* **Data supplied**:
********

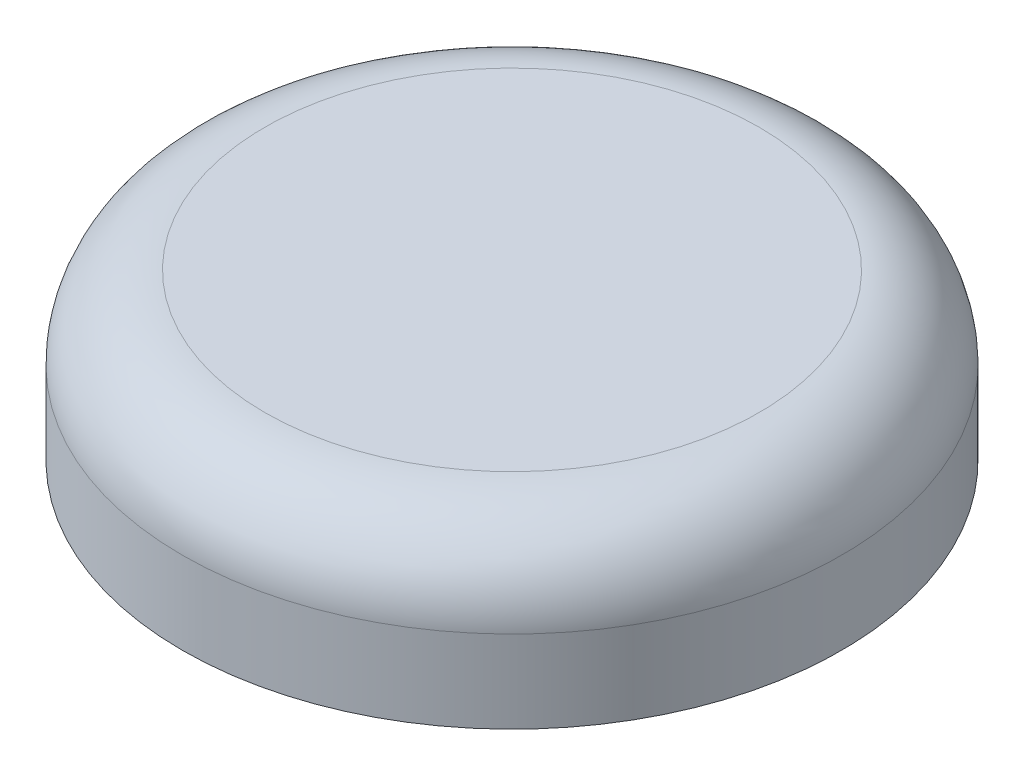
SolidWorks part; units mm, degrees
ref_plane "Front Plane" through (0, 0, 0) normal (0, 0, 1) x (1, 0, 0)
ref_plane "Top Plane" through (0, 0, 0) normal (0, 1, 0) x (1, 0, 0)
ref_plane "Right Plane" through (0, 0, 0) normal (1, 0, 0) x (0, 0, -1)
sketch "Sketch1" plane through (0, 0, 0) normal (0, 1, 0) x (1, 0, 0)
  circle A0 centre (0, 0) radius 20
  dimension "D1" = 40
extrude "Boss-Extrude1" add sketch "Sketch1" along normal blind 10
fillet "Fillet1" radius 5 1 edges at (0, 10, 20)
sketch "Sketch2" plane through (0, 0, 0) normal (0, -1, 0) x (1, 0, 0)
  circle A0 centre (0, 0) radius 10
  dimension "D1" = 20
extrude "Cut-Extrude1" cut sketch "Sketch2" against normal blind 5

********

Lines of the data that include the string "radius" are to be counted; report the total by itself.

* **Response to the task**:
3